In April 2019, newly elected New Mexico Governor Michelle Lujan Grisham signed House Bill 364, which limits the use of solitary confinement for certain prisoners housed in New Mexico Corrections Department (NMCD) facilities and requires more transparency when solitary is used. 

Former NMCD Secretary Gregg Marcantel had insisted that solitary confinement – a practice defined as detention in a cell for 22 hours or more a day without meaningful and sustained human interaction – was a needed tool to safely control prisoners. Placement in segregation could be for disciplinary, administrative or medical reasons, as well as for the prisoner’s own protection, with no limit on the amount of time he or she could be held. 

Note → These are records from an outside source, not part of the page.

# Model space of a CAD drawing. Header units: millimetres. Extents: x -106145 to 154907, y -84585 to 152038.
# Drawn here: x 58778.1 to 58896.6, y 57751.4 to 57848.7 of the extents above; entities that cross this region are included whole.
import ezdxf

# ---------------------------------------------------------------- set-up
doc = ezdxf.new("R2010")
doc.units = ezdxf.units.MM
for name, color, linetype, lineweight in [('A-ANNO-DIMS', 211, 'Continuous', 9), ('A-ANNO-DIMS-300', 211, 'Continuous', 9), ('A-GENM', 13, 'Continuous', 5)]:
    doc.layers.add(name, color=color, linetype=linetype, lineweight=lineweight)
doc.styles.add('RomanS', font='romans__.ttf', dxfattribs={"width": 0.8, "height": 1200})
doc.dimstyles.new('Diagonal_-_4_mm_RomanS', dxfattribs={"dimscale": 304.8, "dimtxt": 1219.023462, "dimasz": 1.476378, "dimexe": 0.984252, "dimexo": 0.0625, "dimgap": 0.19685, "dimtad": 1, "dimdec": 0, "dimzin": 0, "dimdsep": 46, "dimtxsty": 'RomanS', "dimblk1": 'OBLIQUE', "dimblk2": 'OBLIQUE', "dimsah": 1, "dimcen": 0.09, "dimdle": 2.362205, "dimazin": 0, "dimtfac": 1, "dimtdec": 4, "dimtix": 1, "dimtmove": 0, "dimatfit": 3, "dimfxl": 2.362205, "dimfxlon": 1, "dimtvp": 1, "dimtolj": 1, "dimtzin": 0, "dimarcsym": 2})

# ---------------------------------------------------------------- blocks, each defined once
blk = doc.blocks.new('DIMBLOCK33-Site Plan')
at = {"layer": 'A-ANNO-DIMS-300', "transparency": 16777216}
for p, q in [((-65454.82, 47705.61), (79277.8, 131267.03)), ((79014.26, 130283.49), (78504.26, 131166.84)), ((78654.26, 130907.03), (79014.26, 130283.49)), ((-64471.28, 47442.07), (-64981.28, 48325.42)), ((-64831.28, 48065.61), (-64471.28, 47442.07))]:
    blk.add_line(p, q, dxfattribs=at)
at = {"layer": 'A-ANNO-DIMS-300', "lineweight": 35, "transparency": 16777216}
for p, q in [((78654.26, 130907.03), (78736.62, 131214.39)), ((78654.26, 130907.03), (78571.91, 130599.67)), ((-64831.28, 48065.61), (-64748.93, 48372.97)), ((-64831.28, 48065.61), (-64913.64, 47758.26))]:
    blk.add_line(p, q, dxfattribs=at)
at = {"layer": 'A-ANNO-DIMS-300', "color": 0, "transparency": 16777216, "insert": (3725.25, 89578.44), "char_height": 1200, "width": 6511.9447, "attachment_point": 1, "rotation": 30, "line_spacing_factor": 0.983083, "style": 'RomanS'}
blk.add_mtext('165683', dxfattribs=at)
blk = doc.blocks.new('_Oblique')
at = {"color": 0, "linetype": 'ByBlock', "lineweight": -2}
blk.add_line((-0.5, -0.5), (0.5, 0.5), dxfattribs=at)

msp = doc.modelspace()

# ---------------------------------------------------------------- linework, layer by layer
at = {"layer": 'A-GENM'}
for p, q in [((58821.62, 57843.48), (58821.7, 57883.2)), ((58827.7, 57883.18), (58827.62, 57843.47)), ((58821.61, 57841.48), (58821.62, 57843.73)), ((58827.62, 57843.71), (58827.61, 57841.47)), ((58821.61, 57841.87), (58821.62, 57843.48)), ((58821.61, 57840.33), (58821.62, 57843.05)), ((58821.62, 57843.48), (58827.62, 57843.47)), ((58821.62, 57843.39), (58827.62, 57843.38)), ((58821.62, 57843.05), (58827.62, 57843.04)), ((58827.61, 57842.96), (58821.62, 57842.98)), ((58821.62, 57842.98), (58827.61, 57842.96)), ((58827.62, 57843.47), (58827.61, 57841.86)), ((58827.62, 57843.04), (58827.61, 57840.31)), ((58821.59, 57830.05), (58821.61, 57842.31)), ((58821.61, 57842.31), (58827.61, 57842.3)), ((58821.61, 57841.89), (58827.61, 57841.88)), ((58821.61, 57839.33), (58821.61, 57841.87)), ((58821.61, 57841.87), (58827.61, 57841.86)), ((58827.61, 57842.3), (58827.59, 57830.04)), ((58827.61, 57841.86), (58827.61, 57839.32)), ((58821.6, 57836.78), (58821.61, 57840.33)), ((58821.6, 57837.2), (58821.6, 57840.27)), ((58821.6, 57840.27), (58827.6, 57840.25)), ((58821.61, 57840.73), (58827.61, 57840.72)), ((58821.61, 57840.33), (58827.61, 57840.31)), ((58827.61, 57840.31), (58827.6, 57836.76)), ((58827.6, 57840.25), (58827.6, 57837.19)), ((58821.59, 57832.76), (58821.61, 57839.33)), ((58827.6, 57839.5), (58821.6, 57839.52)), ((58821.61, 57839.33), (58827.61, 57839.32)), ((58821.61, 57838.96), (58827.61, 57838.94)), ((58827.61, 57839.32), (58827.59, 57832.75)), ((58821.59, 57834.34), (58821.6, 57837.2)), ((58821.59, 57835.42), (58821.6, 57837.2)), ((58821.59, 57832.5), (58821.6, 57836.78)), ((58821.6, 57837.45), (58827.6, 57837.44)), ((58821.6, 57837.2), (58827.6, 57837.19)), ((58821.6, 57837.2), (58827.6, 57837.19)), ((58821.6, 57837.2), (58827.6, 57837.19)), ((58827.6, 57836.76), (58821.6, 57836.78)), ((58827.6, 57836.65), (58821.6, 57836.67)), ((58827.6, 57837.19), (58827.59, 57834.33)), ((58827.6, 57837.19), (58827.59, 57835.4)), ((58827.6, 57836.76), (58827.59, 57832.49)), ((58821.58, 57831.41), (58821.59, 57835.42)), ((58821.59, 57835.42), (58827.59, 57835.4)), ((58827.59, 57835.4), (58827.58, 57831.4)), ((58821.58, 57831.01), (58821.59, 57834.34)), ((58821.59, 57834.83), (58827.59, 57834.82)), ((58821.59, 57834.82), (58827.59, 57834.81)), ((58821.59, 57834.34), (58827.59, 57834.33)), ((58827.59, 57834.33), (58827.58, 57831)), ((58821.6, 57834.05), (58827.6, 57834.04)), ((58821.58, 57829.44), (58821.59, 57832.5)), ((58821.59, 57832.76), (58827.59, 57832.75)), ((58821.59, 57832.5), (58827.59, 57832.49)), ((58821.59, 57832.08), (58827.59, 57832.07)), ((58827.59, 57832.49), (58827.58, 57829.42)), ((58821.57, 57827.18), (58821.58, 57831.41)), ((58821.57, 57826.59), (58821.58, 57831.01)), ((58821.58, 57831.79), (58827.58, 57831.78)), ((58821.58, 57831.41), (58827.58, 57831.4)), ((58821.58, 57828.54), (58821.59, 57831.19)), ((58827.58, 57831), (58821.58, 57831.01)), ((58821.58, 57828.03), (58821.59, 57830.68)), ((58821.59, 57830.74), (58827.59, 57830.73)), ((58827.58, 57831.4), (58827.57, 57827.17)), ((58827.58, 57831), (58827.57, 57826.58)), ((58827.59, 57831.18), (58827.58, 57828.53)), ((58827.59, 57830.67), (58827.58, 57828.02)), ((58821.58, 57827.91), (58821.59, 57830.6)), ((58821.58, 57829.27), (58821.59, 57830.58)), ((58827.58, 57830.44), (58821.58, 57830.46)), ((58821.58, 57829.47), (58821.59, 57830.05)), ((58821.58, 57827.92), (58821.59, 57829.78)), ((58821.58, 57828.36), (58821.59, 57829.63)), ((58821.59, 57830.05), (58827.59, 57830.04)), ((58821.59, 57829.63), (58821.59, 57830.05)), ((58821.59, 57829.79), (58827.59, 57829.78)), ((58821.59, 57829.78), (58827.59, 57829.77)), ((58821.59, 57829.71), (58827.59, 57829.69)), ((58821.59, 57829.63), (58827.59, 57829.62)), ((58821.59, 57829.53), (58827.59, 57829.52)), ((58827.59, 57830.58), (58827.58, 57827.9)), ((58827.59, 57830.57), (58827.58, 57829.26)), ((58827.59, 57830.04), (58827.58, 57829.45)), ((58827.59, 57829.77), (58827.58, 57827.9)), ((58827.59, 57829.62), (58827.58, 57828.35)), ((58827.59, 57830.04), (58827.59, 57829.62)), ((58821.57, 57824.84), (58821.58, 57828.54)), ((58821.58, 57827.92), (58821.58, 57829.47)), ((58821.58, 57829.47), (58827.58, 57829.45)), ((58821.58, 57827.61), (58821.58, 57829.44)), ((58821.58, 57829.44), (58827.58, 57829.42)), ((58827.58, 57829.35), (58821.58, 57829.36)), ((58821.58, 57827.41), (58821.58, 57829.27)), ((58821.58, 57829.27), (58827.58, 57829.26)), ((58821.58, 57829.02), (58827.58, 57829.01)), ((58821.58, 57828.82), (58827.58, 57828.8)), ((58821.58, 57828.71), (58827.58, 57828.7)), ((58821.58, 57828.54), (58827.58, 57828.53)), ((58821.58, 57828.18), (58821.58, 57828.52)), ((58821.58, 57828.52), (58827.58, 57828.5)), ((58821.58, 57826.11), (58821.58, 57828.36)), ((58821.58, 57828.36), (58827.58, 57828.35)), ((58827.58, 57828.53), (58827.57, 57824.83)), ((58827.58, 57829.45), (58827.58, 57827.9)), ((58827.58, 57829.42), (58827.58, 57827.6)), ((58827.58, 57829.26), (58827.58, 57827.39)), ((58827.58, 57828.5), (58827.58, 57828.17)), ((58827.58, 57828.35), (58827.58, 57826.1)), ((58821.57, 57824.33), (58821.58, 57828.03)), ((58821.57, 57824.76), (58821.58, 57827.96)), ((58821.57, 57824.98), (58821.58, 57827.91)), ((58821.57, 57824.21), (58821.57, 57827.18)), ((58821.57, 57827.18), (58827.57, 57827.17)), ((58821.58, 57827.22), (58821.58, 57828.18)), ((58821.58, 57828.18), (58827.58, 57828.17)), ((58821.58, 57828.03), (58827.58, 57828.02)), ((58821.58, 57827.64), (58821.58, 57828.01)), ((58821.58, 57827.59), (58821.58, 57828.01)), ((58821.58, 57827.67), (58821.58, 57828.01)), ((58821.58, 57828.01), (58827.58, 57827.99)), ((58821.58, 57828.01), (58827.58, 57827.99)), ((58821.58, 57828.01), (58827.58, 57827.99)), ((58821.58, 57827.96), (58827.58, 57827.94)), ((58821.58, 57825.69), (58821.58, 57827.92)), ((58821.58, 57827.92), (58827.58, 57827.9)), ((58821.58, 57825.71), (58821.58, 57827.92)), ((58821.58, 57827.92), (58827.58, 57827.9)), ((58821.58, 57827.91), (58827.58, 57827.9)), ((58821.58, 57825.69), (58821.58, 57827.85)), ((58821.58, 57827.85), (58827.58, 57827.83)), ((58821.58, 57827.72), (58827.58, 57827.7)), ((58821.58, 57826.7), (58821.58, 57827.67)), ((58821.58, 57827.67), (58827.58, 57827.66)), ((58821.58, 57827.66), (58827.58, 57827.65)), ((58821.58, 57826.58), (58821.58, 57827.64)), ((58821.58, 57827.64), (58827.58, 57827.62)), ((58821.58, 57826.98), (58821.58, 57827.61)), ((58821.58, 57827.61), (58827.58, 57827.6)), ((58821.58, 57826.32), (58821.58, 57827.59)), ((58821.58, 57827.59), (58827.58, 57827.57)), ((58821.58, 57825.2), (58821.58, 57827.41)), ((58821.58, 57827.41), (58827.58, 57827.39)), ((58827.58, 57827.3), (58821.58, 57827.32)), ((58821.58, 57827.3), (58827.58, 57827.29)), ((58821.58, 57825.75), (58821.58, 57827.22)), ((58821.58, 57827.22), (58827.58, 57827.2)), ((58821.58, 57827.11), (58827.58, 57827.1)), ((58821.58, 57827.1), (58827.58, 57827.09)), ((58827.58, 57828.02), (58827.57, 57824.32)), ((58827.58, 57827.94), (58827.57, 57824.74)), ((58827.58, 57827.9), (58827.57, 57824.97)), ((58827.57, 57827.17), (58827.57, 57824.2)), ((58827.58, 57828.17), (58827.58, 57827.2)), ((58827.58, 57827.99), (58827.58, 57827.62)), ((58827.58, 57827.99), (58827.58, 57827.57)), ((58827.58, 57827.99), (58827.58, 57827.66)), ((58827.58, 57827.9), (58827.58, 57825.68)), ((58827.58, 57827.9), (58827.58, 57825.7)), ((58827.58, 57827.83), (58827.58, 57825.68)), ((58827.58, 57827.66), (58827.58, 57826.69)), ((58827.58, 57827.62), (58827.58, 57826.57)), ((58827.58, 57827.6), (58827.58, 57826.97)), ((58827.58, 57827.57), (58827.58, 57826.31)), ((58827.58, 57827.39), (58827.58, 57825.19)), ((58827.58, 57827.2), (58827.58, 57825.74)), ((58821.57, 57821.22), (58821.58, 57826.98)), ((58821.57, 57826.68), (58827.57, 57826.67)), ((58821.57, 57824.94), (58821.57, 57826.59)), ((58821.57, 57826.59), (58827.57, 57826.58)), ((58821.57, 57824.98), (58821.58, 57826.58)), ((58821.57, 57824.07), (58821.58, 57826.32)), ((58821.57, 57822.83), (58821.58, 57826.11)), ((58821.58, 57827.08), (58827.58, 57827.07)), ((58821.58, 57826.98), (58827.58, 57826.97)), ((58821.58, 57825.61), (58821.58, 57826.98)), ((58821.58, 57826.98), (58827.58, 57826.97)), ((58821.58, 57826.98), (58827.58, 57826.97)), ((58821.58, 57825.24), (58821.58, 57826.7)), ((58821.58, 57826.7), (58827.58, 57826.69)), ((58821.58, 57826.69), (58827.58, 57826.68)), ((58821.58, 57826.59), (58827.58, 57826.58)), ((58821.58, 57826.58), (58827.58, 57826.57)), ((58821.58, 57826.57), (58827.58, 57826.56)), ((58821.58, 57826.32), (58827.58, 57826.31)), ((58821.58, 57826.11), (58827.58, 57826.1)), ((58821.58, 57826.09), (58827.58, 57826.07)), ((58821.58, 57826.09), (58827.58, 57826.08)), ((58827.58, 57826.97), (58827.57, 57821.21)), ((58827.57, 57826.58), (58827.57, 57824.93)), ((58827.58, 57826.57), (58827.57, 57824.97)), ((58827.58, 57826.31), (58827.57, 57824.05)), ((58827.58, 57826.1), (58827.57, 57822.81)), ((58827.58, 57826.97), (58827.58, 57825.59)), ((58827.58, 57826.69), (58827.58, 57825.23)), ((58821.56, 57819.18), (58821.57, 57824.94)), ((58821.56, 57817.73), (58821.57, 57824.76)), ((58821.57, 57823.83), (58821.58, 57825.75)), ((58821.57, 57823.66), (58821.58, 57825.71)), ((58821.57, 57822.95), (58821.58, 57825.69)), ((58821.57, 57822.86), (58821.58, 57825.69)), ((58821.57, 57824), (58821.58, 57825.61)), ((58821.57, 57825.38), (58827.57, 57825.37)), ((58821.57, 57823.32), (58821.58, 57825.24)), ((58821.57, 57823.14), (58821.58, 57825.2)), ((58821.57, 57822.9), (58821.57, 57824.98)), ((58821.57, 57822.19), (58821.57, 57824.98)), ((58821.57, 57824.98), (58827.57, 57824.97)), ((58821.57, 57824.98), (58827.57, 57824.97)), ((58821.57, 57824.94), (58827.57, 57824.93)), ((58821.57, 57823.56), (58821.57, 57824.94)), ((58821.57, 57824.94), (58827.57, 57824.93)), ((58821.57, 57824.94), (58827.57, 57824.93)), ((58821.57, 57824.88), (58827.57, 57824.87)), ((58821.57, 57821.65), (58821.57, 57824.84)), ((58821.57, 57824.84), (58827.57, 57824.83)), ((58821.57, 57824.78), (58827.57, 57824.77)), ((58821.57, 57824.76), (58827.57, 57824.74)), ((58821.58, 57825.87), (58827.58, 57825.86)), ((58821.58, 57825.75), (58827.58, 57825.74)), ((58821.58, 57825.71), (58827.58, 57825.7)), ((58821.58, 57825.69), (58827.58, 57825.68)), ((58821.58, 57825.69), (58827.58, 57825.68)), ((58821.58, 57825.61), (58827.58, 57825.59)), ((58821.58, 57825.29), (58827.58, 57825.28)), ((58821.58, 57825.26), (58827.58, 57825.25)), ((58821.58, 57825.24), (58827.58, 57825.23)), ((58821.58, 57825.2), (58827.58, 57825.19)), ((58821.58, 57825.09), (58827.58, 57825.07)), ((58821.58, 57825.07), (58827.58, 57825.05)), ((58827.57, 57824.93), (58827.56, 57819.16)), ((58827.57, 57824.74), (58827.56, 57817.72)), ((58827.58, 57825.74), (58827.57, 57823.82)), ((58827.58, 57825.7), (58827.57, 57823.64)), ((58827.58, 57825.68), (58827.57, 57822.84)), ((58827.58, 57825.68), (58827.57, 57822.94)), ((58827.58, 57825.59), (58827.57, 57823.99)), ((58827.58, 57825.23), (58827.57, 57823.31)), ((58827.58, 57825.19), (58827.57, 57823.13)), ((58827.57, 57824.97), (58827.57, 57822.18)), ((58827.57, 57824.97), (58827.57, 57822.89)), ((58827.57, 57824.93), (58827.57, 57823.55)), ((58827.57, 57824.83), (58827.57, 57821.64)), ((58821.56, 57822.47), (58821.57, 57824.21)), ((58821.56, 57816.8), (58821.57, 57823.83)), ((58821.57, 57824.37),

Due to these differing classifications and a lack of reporting requirements, reliable data on the NMCD’s use of solitary confinement was scarce. The agency cited statistics on the proportion of the prison population held in solitary that varied from 4% to 16% depending on who asked, according to the New Mexico Center on Law and Poverty (CLP) and the state chapter of the ACLU, which accused prison officials of misreporting the data. 

The NMCD said its reliance on solitary confinement had been reduced with the creation of separate housing units for sex offenders and former law enforcement officers. But those still held in isolation were at risk of serious adverse effects, according to Dr. Bianca McDermott, who once headed the NMCD’s Behavioral Health Bureau. 

“If a prisoner has a pre-existing mental illness the risks are that much higher,” she said. “I have personally seen inmates kept in solitary confinement in New Mexico prison for years. The worst outcome, of course, is suicide. Other inmates seem to manifest extreme rage, paranoia and impulsivity. Others become lethargic, passive, and seem to have lost social skills and coping mechanisms.”

Matthew Coyte, an Albuquerque-based civil rights attorney who has sued the state’s prison system over deaths in solitary confinement, said holding prisoners in isolation is more costly and only worsens prisoners’ mental conditions, affecting public safety in the long run after those prisoners are released.

“We have been manufacturing mental illness for years with this form of incarceration. You don’t want people who are incarcerated to come out worse,” he stated.

CLP and the ACLU drew attention to the use of solitary in New Mexico in a 2013 report titled “Inside the Box,” using Stephen Slevin’s story to illustrate just how cruel, overused and unnecessary solitary confinement was in the state’s prisons and jails.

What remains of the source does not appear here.